About the structure of deposited Zn-S nanofilms on substrates of aluminum oxide

The porous anodic aluminum oxide is widely used as templates for the synthesis of nanostructures of various kinds, thanks to the orderly arrangement of hexagonally-oriented vertically to the surface of the film then. This makes it possible to form ordered arrays of semiconductor nanostructures phosphor same size and shape to each nanoobject present as a separate light emitter. The addition of coherent radiation from all sources results in a substantial increase in light inte sity. The aim of work is to study the structure of the nanofilm coating and the substrate during epitaxial deposition. Often the nature of the structure of objects that determines their properties, changes the optical, electrical, and physical-mechanical parameters. Theoretical studies were carried out using molecular dynamics. As the potential was used Lennard-Jones potential. The temperature and pressure in nanosystems were maintained by a thermostat and barostat Nose-Hoover-a. Periodic boundary conditions are used. The velocity field at the initial time was selected according to the Maxwell distribution in the form of nanosized elements.

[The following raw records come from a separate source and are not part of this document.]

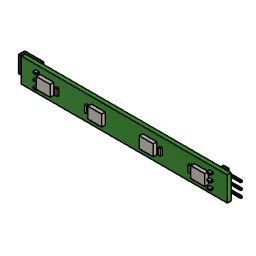
ERCF Carrot on a Stick v2 (Autodesk Fusion 360 design; units mm, degrees)
Autodesk Fusion 360 part; units mm, degrees
note: some values were not read from the file. Chosen so that the rebuilt part matches the saved one: which bodies a step acts on.
sketch "Back" plane through (0, 0, 0) normal (0, 1, 0) x (1, 0, 0)
  line L0 (46.15, 5.45) -> (-46.15, 5.45)
  line L1 (-46.15, 5.45) -> (-46.15, -5.45)
  line L2 (-46.15, -5.45) -> (46.15, -5.45)
  line L3 (46.15, -5.45) -> (46.15, 5.45)
  line L4 (46.15, 5.45) -> (-46.15, -5.45) construction
  line L5 (-46.15, 5.45) -> (46.15, -5.45) construction
  line L6 (38.1, -3.375) -> (49.5, -3.375)
  line L7 (49.5, -3.375) -> (49.5, 3.375)
  line L8 (49.5, 3.375) -> (38.1, 3.375)
  line L9 (38.1, 3.375) -> (38.1, -3.375)
  line L10 (46.15, 0) -> (49.5, 0) construction
  line L11 (-49.05, -3.75) -> (-37.95, -3.75)
  line L12 (-37.95, -3.75) -> (-37.95, 3.75)
  line L13 (-37.95, 3.75) -> (-49.05, 3.75)
  line L14 (-49.05, 3.75) -> (-49.05, -3.75)
  line L15 (-46.15, 0) -> (-49.05, 0) construction
  line L16 (49.5, 0) -> (38.1, 0) construction
  line L17 (38.1, -2.725) -> (49.5, -2.725)
  line L18 (49.5, 2.725) -> (38.1, 2.725)
  line L19 (49.5, -0.325) -> (38.1, -0.325)
  line L20 (49.5, 0.325) -> (38.1, 0.325)
  line L21 (42.65, -3.375) -> (42.65, 3.375)
  line L22 (40.15, -3.375) -> (40.15, 3.375)
  line L23 (39.75, 3.375) -> (39.75, -3.375)
  line L24 (42.65, -3.75) -> (40.1, -3.75)
  line L25 (40.1, -3.75) -> (40.1, 3.75)
  line L26 (40.1, 3.75) -> (42.65, 3.75)
  line L27 (42.65, 3.75) -> (42.65, -3.75)
  line L28 (-40.5, 3.75) -> (-40.5, -3.75)
  dimension "d1" = 92.3
  dimension "d2" = 10.9
  dimension "d3" = 11.4
  dimension "d4" = 6.75
  dimension "d5" = 3.35
  dimension "d6" = 11.1
  dimension "d7" = 7.5
  dimension "d8" = 2.9
  dimension "d25" = -0.65
  dimension "d26" = -0.65
  dimension "d27" = -0.325
  dimension "d28" = 0.325
  dimension "d29" = -6.85
  dimension "d30" = -9.35
  dimension "d36" = -1.65
  dimension "d42" = 2.55
  dimension "d43" = 7.5
  dimension "d46" = -8.55
  constraint horizontal L0
  constraint perpendicular L0 L1
  constraint parallel L0 L2
  constraint parallel L1 L3
  constraint coincident L4 origin
  constraint coincident L5 origin
  constraint horizontal L6
  constraint vertical L7
  constraint horizontal L8
  constraint vertical L9
  constraint midpoint L3 L10.start
  constraint perpendicular L9 L10
  constraint midpoint L7 L10.end
  constraint horizontal L11
  constraint vertical L12
  constraint horizontal L13
  constraint vertical L14
  constraint midpoint L1 L15.start
  constraint perpendicular L1 L15
  constraint midpoint L14 L15.end
  constraint midpoint L9 L16.end
  constraint horizontal L24
  constraint vertical L25
  constraint horizontal L26
  constraint vertical L27
  constraint midpoint L21 L27
  measures "d1" distance of L1.end L2.end
  measures "d2" distance of L0.end L1.end
  measures "d3" distance of L6.start L6.end
  measures "d4" distance of L6.start L8.end
  measures "d5" distance of L10.start L10.end
  measures "d6" distance of L11.start L11.end
  measures "d7" distance of L11.start L13.end
  measures "d8" distance of L15.start L15.end
  measures "d42" distance of L24.start L24.end
  measures "d43" distance of L24.start L26.end
sketch "LEDs" plane through (0, 0, 0) normal (0, 1, 0) x (1, 0, 0)
  line L0 (-46.15, -5.45) -> (46.15, -5.45)
  line L1 (46.15, 5.45) -> (-46.15, 5.45)
  line L2 (-46.15, 5.45) -> (-46.15, -5.45)
  line L3 (46.15, -5.45) -> (46.15, 5.45)
  line L4 (-37.8, -2.5) -> (-31.55, -2.5)
  line L5 (-31.55, -2.5) -> (-31.55, 2.5)
  line L6 (-31.55, 2.5) -> (-37.8, 2.5)
  line L7 (-37.8, 2.5) -> (-37.8, -2.5)
  line L8 (-46.15, 0) -> (-37.8, 0) construction
  line L9 (-8.5, -2.5) -> (-8.5, 2.5)
  line L10 (-14.75, 2.5) -> (-14.75, -2.5)
  line L11 (-14.75, -2.5) -> (-8.5, -2.5)
  line L12 (-8.5, 2.5) -> (-14.75, 2.5)
  line L13 (14.55, -2.5) -> (14.55, 2.5)
  line L14 (8.3, 2.5) -> (8.3, -2.5)
  line L15 (8.3, -2.5) -> (14.55, -2.5)
  line L16 (14.55, 2.5) -> (8.3, 2.5)
  line L17 (37.6, -2.5) -> (37.6, 2.5)
  line L18 (31.35, 2.5) -> (31.35, -2.5)
  line L19 (31.35, -2.5) -> (37.6, -2.5)
  line L20 (37.6, 2.5) -> (31.35, 2.5)
  dimension "d9" = 6.25
  dimension "d10" = 5
  dimension "d11" = 8.35
  dimension "d14" = 23.05
  dimension "d15" = 0
  constraint horizontal L4
  constraint vertical L5
  constraint horizontal L6
  constraint vertical L7
  constraint midpoint L2 L8.start
  constraint perpendicular L2 L8
  constraint midpoint L7 L8.end
  measures "d9" distance of L4.start L4.end
  measures "d10" distance of L4.start L6.end
  measures "d11" distance of L8.start L8.end
sketch "Capacitors" plane through (0, 0, 0) normal (0, 1, 0) x (1, 0, 0)
  line L0 (-30.3, -1.5) -> (-29.3, -1.5)
  line L1 (-29.3, -1.5) -> (-29.3, 1.5)
  line L2 (-29.3, 1.5) -> (-30.3, 1.5)
  line L3 (-30.3, 1.5) -> (-30.3, -1.5)
  line L4 (-37.8, 2.5) -> (-37.8, -2.5) construction
  line L5 (-8.5, -2.5) -> (-8.5, 2.5) construction
  line L6 (-37.8, 0) -> (-30.3, 0) construction
  line L7 (-8.5, 0) -> (-16, 0) construction
  line L8 (-17, -1.5) -> (-16, -1.5)
  line L9 (-16, -1.5) -> (-16, 1.5)
  line L10 (-16, 1.5) -> (-17, 1.5)
  line L11 (-17, 1.5) -> (-17, -1.5)
  line L12 (0, -1.75) -> (0, -22.5)
  line L13 (29.3, -1.5) -> (29.3, 1.5)
  line L14 (29.3, 1.5) -> (30.3, 1.5)
  line L15 (30.3, 1.5) -> (30.3, -1.5)
  line L16 (30.3, -1.5) -> (29.3, -1.5)
  line L17 (17, 1.5) -> (17, -1.5)
  line L18 (16, -1.5) -> (16, 1.5)
  line L19 (17, -1.5) -> (16, -1.5)
  line L20 (16, 1.5) -> (17, 1.5)
  line L21 (-46.15, -5.45) -> (46.15, -5.45)
  line L22 (46.15, 5.45) -> (-46.15, 5.45)
  line L23 (-46.15, 5.45) -> (-46.15, -5.45)
  line L24 (46.15, -5.45) -> (46.15, 5.45)
  dimension "d19" = 1
  dimension "d20" = 3
  dimension "d21" = 7.5
  dimension "d22" = 7.5
  dimension "d23" = 1
  dimension "d24" = 3
  constraint horizontal L0
  constraint vertical L1
  constraint horizontal L2
  constraint vertical L3
  constraint midpoint L4 L6.start
  constraint perpendicular L4 L6
  constraint midpoint L5 L7.start
  constraint perpendicular L5 L7
  constraint midpoint L3 L6.end
  constraint horizontal L8
  constraint vertical L9
  constraint horizontal L10
  constraint vertical L11
  constraint midpoint L7.end L9
  constraint symmetric L0.start L12 L15.end
  constraint symmetric L0.end L12 L13.start
  constraint symmetric L1.end L12 L13.end
  constraint symmetric L2.end L12 L14.end
  constraint symmetric L8.start L12 L17.end
  constraint symmetric L8.end L12 L18.start
  constraint symmetric L9.end L12 L18.end
  constraint symmetric L10.end L12 L17.start
  measures "d19" distance of L0.start L0.end
  measures "d20" distance of L0.start L2.end
  measures "d21" distance of L6.start L6.end
  measures "d22" distance of L7.start L7.end
  measures "d23" distance of L8.start L8.end
  measures "d24" distance of L8.start L10.end
extrude "Extrude1" add sketch "Back" against normal blind 1.7 contours L0 L1 L2 L3 L6 L8 L9 L11 L12 L13 L24 L25 L26 L27 | L3 L8 L18 L21 L27 | L1 L11 L13 L28 | L3 L18 L20 L21 L27 | L8 L18 L21 L22 L27 | L8 L25 L26 L27 | L11 L12 L13 L28 | L3 L19 L20 L21 L27 | L18 L20 L21 L22 L27 | L8 L18 L22 L25 | L3 L17 L19 L21 L27 | L19 L20 L21 L22 L27 | L18 L20 L22 L25 | L8 L18 L23 L25 | L3 L6 L17 L21 L27 | L17 L19 L21 L22 L27 | L19 L20 L22 L25 | L18 L20 L23 L25 | L8 L9 L18 L23 | L6 L17 L21 L22 L27 | L17 L19 L22 L25 | L19 L20 L23 L25 | L9 L18 L20 L23 | L6 L24 L25 L27 | L6 L17 L22 L25 | L17 L19 L23 L25 | L9 L19 L20 L23 | L6 L17 L23 L25 | L9 L17 L19 L23 | L6 L9 L17 L23 makes body 1
extrude "Extrude2" add sketch "Back" along normal blind 0.65 from surface at 1 separate body contours L3 L7 L8 L18 | L3 L8 L18 L21 L27 | L8 L18 L21 L22 L27 | L3 L7 L19 L20 | L3 L19 L20 L21 L27 | L8 L18 L22 L25 | L19 L20 L21 L22 L27 | L8 L18 L23 L25 | L3 L6 L7 L17 | L3 L6 L17 L21 L27 | L19 L20 L22 L25 | L8 L9 L18 L23 | L6 L17 L21 L22 L27 | L19 L20 L23 L25 | L6 L17 L22 L25 | L9 L19 L20 L23 | L6 L17 L23 L25 | L6 L9 L17 L23 makes body 2 at (45.7, 1, 3.1583) makes body 3 at (45.7, 1, 0.1083) makes body 4 at (41.9, 1.2167, -2.725)
extrude "Extrude3" add sketch "Back" against normal blind 4.5 from surface at 1.65 contours L8 L9 L18 L23 | L9 L19 L20 L23 | L6 L9 L17 L23 bodies 3 4 2
mirror "Mirror1" about plane through (0, 0, 0) normal (1, 0, 0) of bodies 4 3 2 makes body 5 at (-38.65, -0.0667, 3.375) makes body 6 at (-38.65, -0.0667, -0.325) makes body 7 at (-38.65, -0.0667, -2.725)
combine "Combine2" operation cut target body 1 tool bodies 2 3 4 7 6 5 keep tools
split "Split1" by curves path "Back" along L28 bodies 5 6 7 makes body 10 at (-43.5, 1.65, -3.1583) makes body 9 at (-46.5, 1.65, 0.1083) makes body 8 at (-46.5, 1.65, 3.1583)
delete_body "RemoveBody1" bodies 8
delete_body "RemoveBody2" bodies 9
delete_body "RemoveBody3" bodies 10
extrude "Extrude5" add sketch "Back" along normal blind 2.75 separate body contours L1 L11 L13 L28 | L1 L11 L13 L14 makes body 11
copy_body "Body->Comp1" bodies 1 removing the originals makes body 12 in component "LED PCB"
copy_body "CutPasteBodies1" bodies 11 2 5 6 4 3 7 removing the originals makes body 13 makes body 14 makes body 15 makes body 16 makes body 17 makes body 18 makes body 19 in component "LED PCB"
extrude "Extrude1'" add sketch "LEDs" against normal blind 1.6 from surface at -1.7 separate body contours L4 L5 L6 L7 | L9 L10 L11 L12 | L13 L14 L15 L16 | L17 L18 L19 L20 makes body 20 at (-10.5833, -1.7, 0.8333) makes body 21 at (12.4667, -1.7, 0.8333) makes body 22 at (-35.7167, -1.7, -0.8333) makes body 23 at (35.5167, -1.7, 0.8333) in component "LEDs"
extrude "Extrude1''" add sketch "Capacitors" against normal blind 0.8 from surface at -1.7 separate body contours L0 L1 L2 L3 | L8 L9 L10 L11 | L13 L14 L15 L16 | L17 L18 L19 L20 makes body 24 at (29.9667, -1.7, 0.5) makes body 25 at (-16.6667, -1.7, -0.5) makes body 26 at (-29.9667, -1.7, 0.5) makes body 27 at (16.3333, -1.7, -0.5) in component "Capacitors"
sketch "Header Comb" plane through (0, 0, 0) normal (1, 0, 0) x (0, 1, 0)
  line L0 (1, 3.375) -> (1, 2.725)
  line L1 (1, 2.725) -> (1.65, 2.725)
  line L2 (1.65, 2.725) -> (1.65, 3.375)
  line L3 (1.65, 3.375) -> (1, 3.375)
  line L4 (1, 0.325) -> (1, -0.325)
  line L5 (1, -0.325) -> (1.65, -0.325)
  line L6 (1.65, -0.325) -> (1.65, 0.325)
  line L7 (1.65, 0.325) -> (1, 0.325)
  line L8 (1, -2.725) -> (1, -3.375)
  line L9 (1, -3.375) -> (1.65, -3.375)
  line L10 (1.65, -3.375) -> (1.65, -2.725)
  line L11 (1.65, -2.725) -> (1, -2.725)
  line L12 (0.075, 4.1) -> (2.575, 4.1)
  line L13 (2.575, 4.1) -> (2.575, -4.1)
  line L14 (2.575, -4.1) -> (0.075, -4.1)
  line L15 (0.075, -4.1) -> (0.075, 4.1)
  line L16 (1.325, 4.1) -> (1.325, -4.1) construction
  line L17 (1, 0.325) -> (1.65, -0.325) construction
  dimension "d55" = 2.5
  dimension "d56" = 8.2
  constraint horizontal L12
  constraint vertical L13
  constraint horizontal L14
  constraint vertical L15
  constraint midpoint L12 L16.start
  constraint midpoint L14 L16.end
  constraint coincident L4.start L7.end
  constraint coincident L5.end L6.start
  constraint midpoint L16 L17
  measures "d55" distance of L12.start L12.end
  measures "d56" distance of L12.start L14.end
extrude "Extrude6" add sketch "Header Comb" along normal blind 2.5 from surface at 40.15 separate body makes body 28
copy_body "CutPasteBodies2" bodies 28 removing the originals makes body 29 in component "LED PCB"
copy_body "Body->Comp1'" bodies 12 removing the originals makes body 30 in component "PCB"
copy_body "Body->Comp2" bodies 13 removing the originals makes body 31 in component "Connector"
copy_body "Body->Comp3" bodies 29 removing the originals makes body 32 in component "Header Comb"
copy_body "Body->Comp4" bodies 15 removing the originals makes body 33 in component "Header 1"
copy_body "CutPasteBodies1'" bodies 19 removing the originals makes body 34 in component "Header 1"
copy_body "CutPasteBodies2'" bodies 16 removing the originals makes body 35 in component "Header 1"
copy_body "Body->Comp5" bodies 14 removing the originals makes body 36 in component "Header 2"
copy_body "CutPasteBodies1''" bodies 17 18 removing the originals makes body 37 makes body 38 in component "Header 2"
component "LED PCB" placed x (1, 0, 0) y (0, 1, 0) z (0, 0, 1) at (0, 0, 0)
component "LEDs" placed x (1, 0, 0) y (0, 1, 0) z (0, 0, 1) at (0, 0, 0) in component "LED PCB"
component "Capacitors" placed x (1, 0, 0) y (0, 1, 0) z (0, 0, 1) at (0, 0, 0) in component "LED PCB"
component "PCB" placed x (1, 0, 0) y (0, 1, 0) z (0, 0, 1) at (0, 0, 0) in component "LED PCB"
component "Connector" placed x (1, 0, 0) y (0, 1, 0) z (0, 0, 1) at (0, 0, 0) in component "LED PCB"
component "Header Comb" placed x (1, 0, 0) y (0, 1, 0) z (0, 0, 1) at (0, 0, 0) in component "LED PCB"
component "Header 1" placed x (1, 0, 0) y (0, 1, 0) z (0, 0, 1) at (0, 0, 0) in component "LED PCB"
component "Header 2" placed x (1, 0, 0) y (0, 1, 0) z (0, 0, 1) at (0, 0, 0) in component "LED PCB"
equation "d26 = d25"
equation "d27 = d25 / 2"
equation "d28 = -d25 / 2"
equation "d29 = -d5 - 3.5 mm"
equation "d30 = d29 - 2.5 mm"
equation "d50 = 0.00 mm - 1.6 mm"

Silting substrate was carried out as uniform deposition of atoms on the normal to the substrate. Deposited atoms is added to the stage for overgrowth in the area above the substrate. Zinc and sulfur atoms are considered as deposited atoms. Adding copper atoms a 5 % was carried out in some cases. Its position on the substrate was determined by a uniform random distribution law. The amount of added atoms per unit time and the total number were manageable process parameters. The initial rate was constant for the deposited atoms. Speed settings are only changed in the interaction with the substrate deposited atoms. To carry out theoretical research the software package for parallel computing processes LAMMPS is used. In the analysis of the structure considered as a substrate of aluminum oxide (solid and porous), and the deposited zinc, sulfur, and copper. In all cases, the materials were amorphous structure.